Зато он умел припомнить. Для стареющего Венедикта Петровича в припоминании из детства содержалась некая трудная игра — в этом был, возможно, последний оставшийся ему по силам интеллектуальный поиск. (Вспомнить и тем свести личные счеты с Временем.) Брат словно бы пускал корни в детские годы, продвигаясь туда, как в загустевший земляной пласт — в глубокий слой, где глина и уже камень. Там время начиналось. Где-то там подталкивался изначальный первый вагон, а с ним второй, третий, которые в свой черед, удар в удар, подталкивали четвертый и пятый. И вот уже весь состав тихо содрогался, полз, переходя из дробного в постепенное, сороконожечье, плавное движение бытия. Из прошлого — к нам, из детства — в нашу нынешнюю жизнь, как скромная попытка: осторожный, ящеричный выполз Времени.
—...Почему ты его тогда не ударил? Ах, Веня, Веня! — повторяю я, как повторяют от нечего сказать.

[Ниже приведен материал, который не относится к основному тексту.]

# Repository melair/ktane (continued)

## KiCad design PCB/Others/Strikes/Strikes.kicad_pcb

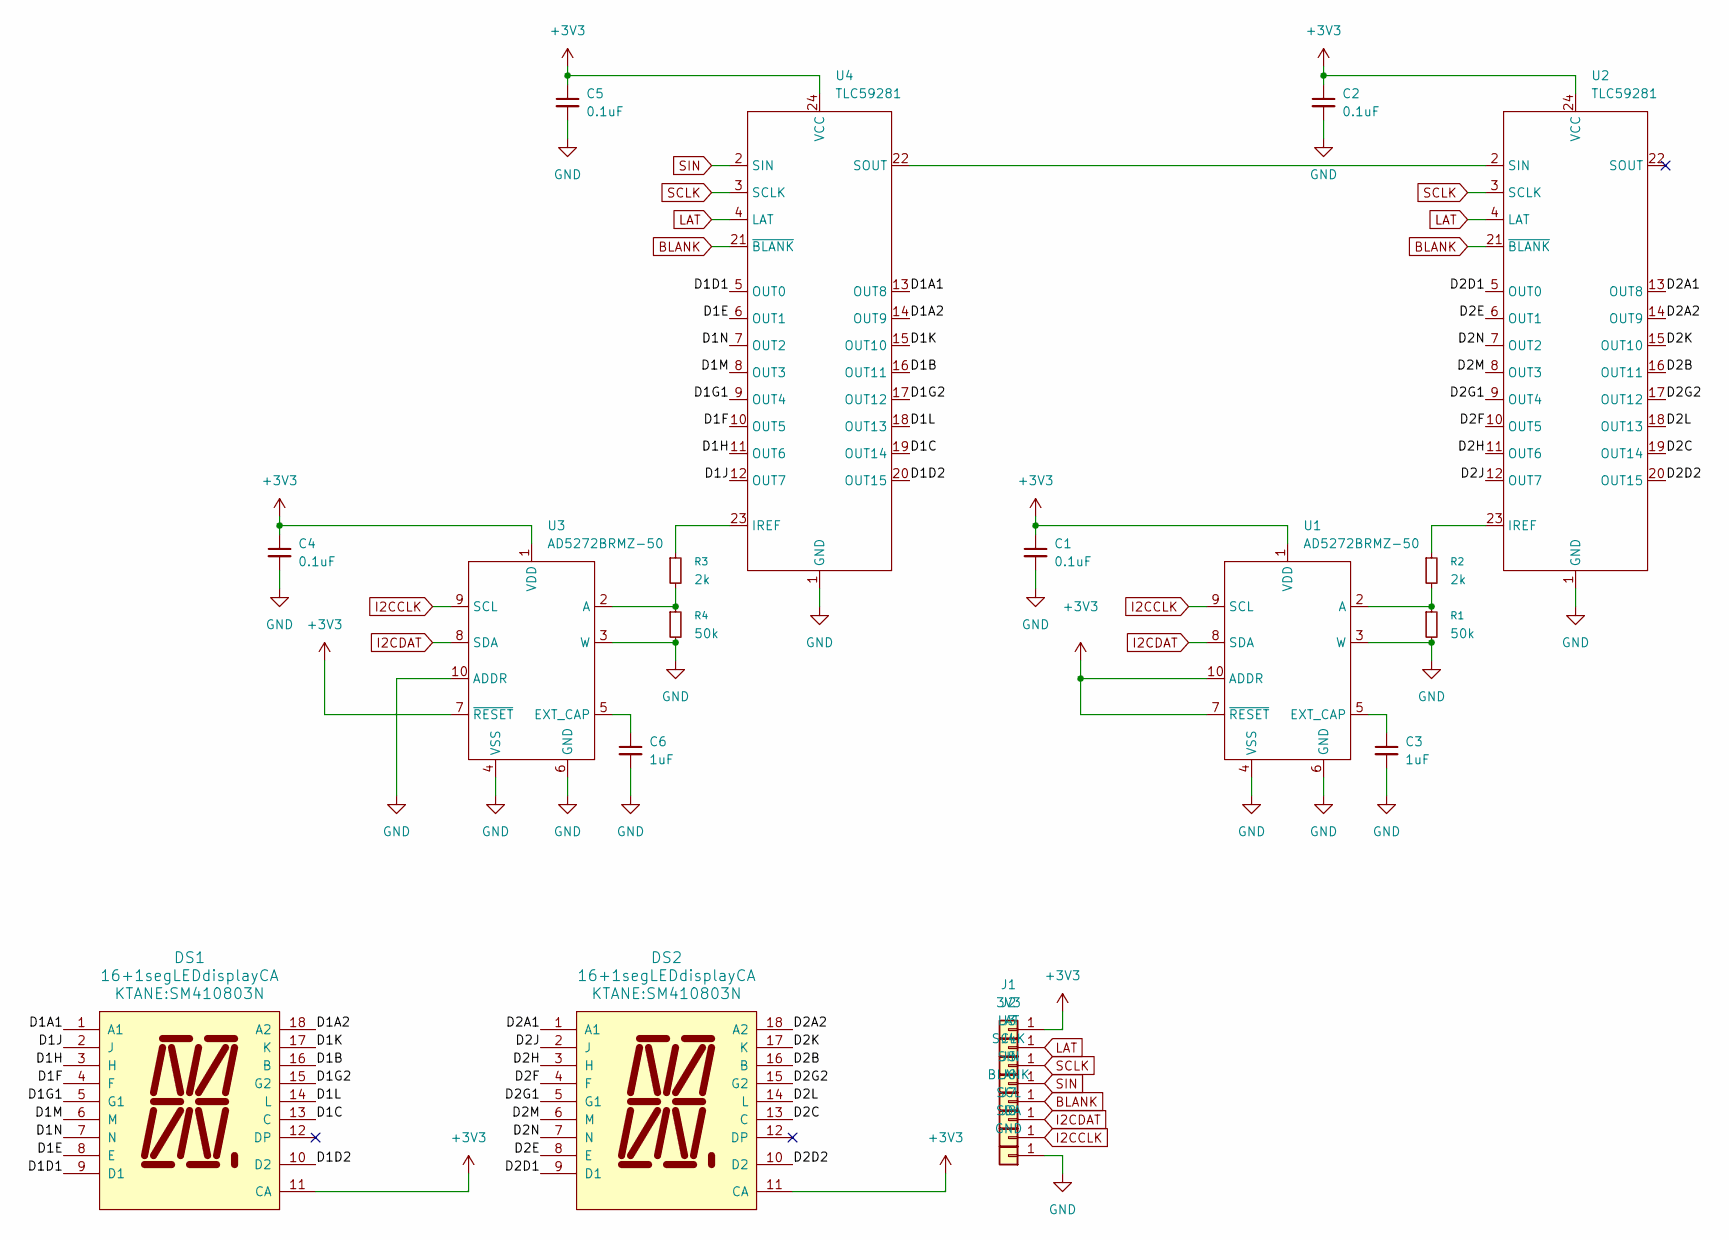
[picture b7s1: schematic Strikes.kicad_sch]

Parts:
C1, C2, C4, C5: 0.1uF; C_0603_1608Metric; DIGIKEY 1276-1005-1-ND
C3, C6: 1uF; C_0603_1608Metric; DIGIKEY 1276-1946-1-ND
DS1, DS2: 16+1segLEDdisplayCA; SM410803N; DIGIKEY STOCK/ALIEXPRESS
J1: 3V3; Pad4x2; DIGIKEY NONE
J2: LAT; Pad4x2; DIGIKEY NONE
J3: SCLK; Pad4x2; DIGIKEY NONE
J4: SIN; Pad4x2; DIGIKEY NONE
J5: BLANK; Pad4x2; DIGIKEY NONE
J6: SCL; Pad4x2; DIGIKEY NONE
J7: SDA; Pad4x2; DIGIKEY NONE
J8: GND; Pad4x2; DIGIKEY NONE
R1, R4: 50k; R_0603_1608Metric; DIGIKEY P51.0KHCT-ND
R2, R3: 2k; R_0603_1608Metric; DIGIKEY P2.00KHCT-ND
U1, U3: AD5272BRMZ-50; MSOP-10_3x3mm_P0.5mm; DIGIKEY 505-AD5272BRMZ-50-ND
U2, U4: TLC59281; SSOP-24_3.9x8.7mm_P0.635mm; DIGIKEY 296-25789-1-ND

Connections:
+3V3: C1.1, C2.1, C4.1, C5.1, DS1.11 (CA), DS2.11 (CA), J1.1, U1.1 (VDD), U1.7 (~RESET), U1.10 (ADDR), U2.24 (VCC), U3.1 (VDD), U3.7 (~RESET), U4.24 (VCC)
/D1A1: DS1.1 (A1), U4.13 (OUT8)
/D1A2: DS1.18 (A2), U4.14 (OUT9)
/D1B: DS1.16 (B), U4.16 (OUT11)
/D1C: DS1.13 (C), U4.19 (OUT14)
/D1D1: DS1.9 (D1), U4.5 (OUT0)
/D1D2: DS1.10 (D2), U4.20 (OUT15)
/D1E: DS1.8 (E), U4.6 (OUT1)
/D1F: DS1.4 (F), U4.10 (OUT5)
/D1G1: DS1.5 (G1), U4.9 (OUT4)
/D1G2: DS1.15 (G2), U4.17 (OUT12)
/D1H: DS1.3 (H), U4.11 (OUT6)
/D1J: DS1.2 (J), U4.12 (OUT7)
/D1K: DS1.17 (K), U4.15 (OUT10)
/D1L: DS1.14 (L), U4.18 (OUT13)
/D1M: DS1.6 (M), U4.8 (OUT3)
/D1N: DS1.7 (N), U4.7 (OUT2)
/D2A1: DS2.1 (A1), U2.13 (OUT8)
/D2A2: DS2.18 (A2), U2.14 (OUT9)
/D2B: DS2.16 (B), U2.16 (OUT11)
/D2C: DS2.13 (C), U2.19 (OUT14)
/D2D1: DS2.9 (D1), U2.5 (OUT0)
/D2D2: DS2.10 (D2), U2.20 (OUT15)
/D2E: DS2.8 (E), U2.6 (OUT1)
/D2F: DS2.4 (F), U2.10 (OUT5)
/D2G1: DS2.5 (G1), U2.9 (OUT4)
/D2G2: DS2.15 (G2), U2.17 (OUT12)
/D2H: DS2.3 (H), U2.11 (OUT6)
/D2J: DS2.2 (J), U2.12 (OUT7)
/D2K: DS2.17 (K), U2.15 (OUT10)
/D2L: DS2.14 (L), U2.18 (OUT13)
/D2M: DS2.6 (M), U2.8 (OUT3)
/D2N: DS2.7 (N), U2.7 (OUT2)
BLANK: J5.1, U2.21 (~BLANK), U4.21 (~BLANK)
GND: C1.2, C2.2, C3.2, C4.2, C5.2, C6.2, J8.1, R1.2, R4.2, U1.3 (W), U1.4 (VSS), U1.6 (GND), U2.1 (GND), U3.3 (W), U3.4 (VSS), U3.6 (GND), U3.10 (ADDR), U4.1 (GND)
I2CCLK: J7.1, U1.9 (SCL), U3.9 (SCL)
I2CDAT: J6.1, U1.8 (SDA), U3.8 (SDA)
LAT: J2.1, U2.4 (LAT), U4.4 (LAT)
unnamed: R1.1, R2.2, U1.2 (A)
unnamed: C3.1, U1.5 (EXT_CAP)
unnamed: R2.1, U2.23 (IREF)
unnamed: U2.2 (SIN), U4.22 (SOUT)
unnamed: R3.2, R4.1, U3.2 (A)
unnamed: C6.1, U3.5 (EXT_CAP)
unnamed: R3.1, U4.23 (IREF)
SCLK: J3.1, U2.3 (SCLK), U4.3 (SCLK)
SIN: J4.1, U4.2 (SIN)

Повторяю с чувством, но как уже уставшее (от лет) заклинание.
Запоздавшие слова, лишившиеся и мало-мальского реального смысла в палате тихих дебилов.
А седой Венедикт Петрович неожиданно пугается. Он вжимает голову в плечи. Молчит. Он испугался послышавшейся ему укоризны (в моем вдруг зазвучавшем голосе).
— Ну-ну, — спохватившись, я успокаиваю, ободряю. — Ну-ну, Веня. Распрями спину. Я вовсе тебя не браню. Рассуждаю. Рассуждаю вслух, просто слова, Веня...
— Да, — он кивает; услышал.
— Просто слова... Болтаю. Становлюсь по-стариковски болтлив. Сейчас я рассуждаю о том, что удар — это суть мироздания.
С удачно подвернувшейся фразы я развивал ключевую мысль: удар — вовсе не агрессия и не боксерская перчатка, целящая в чужую рожу; нет и нет, Веня; мир удара бесконечно богат жизнью. Мир удара безбрежен и пластичен, удар и есть собственно жизнь, молния правит миром. (Молния правит! — сказал еще когда Гераклит.) Удары-откровения, когда человек вдруг прозревает. Когда прозревает последний — самый распоследний и пришибленный. Духовный прорыв, Веня. Тебе нужна мысль. Тебе необходимо взрывное напряжение духа...
Так, присев на больничной кровати, говорил я брату, старший младшему, стареющий стареющему, — мы словно бы в ту минуту вдвоем. (В палате тихо. Убогие улеглись: дремлют.) Венедикт Петрович слушает. Он всегда слушает и так щемяще-покорно смотрит, посматривает на меня — он не понимает, о чем я говорю. Но ему хорошо. Ему тепло. Когда родные говорят, понимать не обязательно.
Лишь на какую-то секунду былой интеллект оживает (секунда-другая, не больше), и вот Веня поднял глаза, с набегающей в уголках губ робкой улыбкой — набегать набегала, но на лице не возникла. (Улыбке страшно самой себя. Своей былой гордыни.)
С этой вот мягкой недоулыбкой Венедикт Петрович вновь глянул на меня и осторожно берет мою правую руку (ударную) — берет в свои. Проводит тонкими пальцами по жилам, по тяжелой моей кисти, как бы рисуя мою руку, — он в нее всматривается.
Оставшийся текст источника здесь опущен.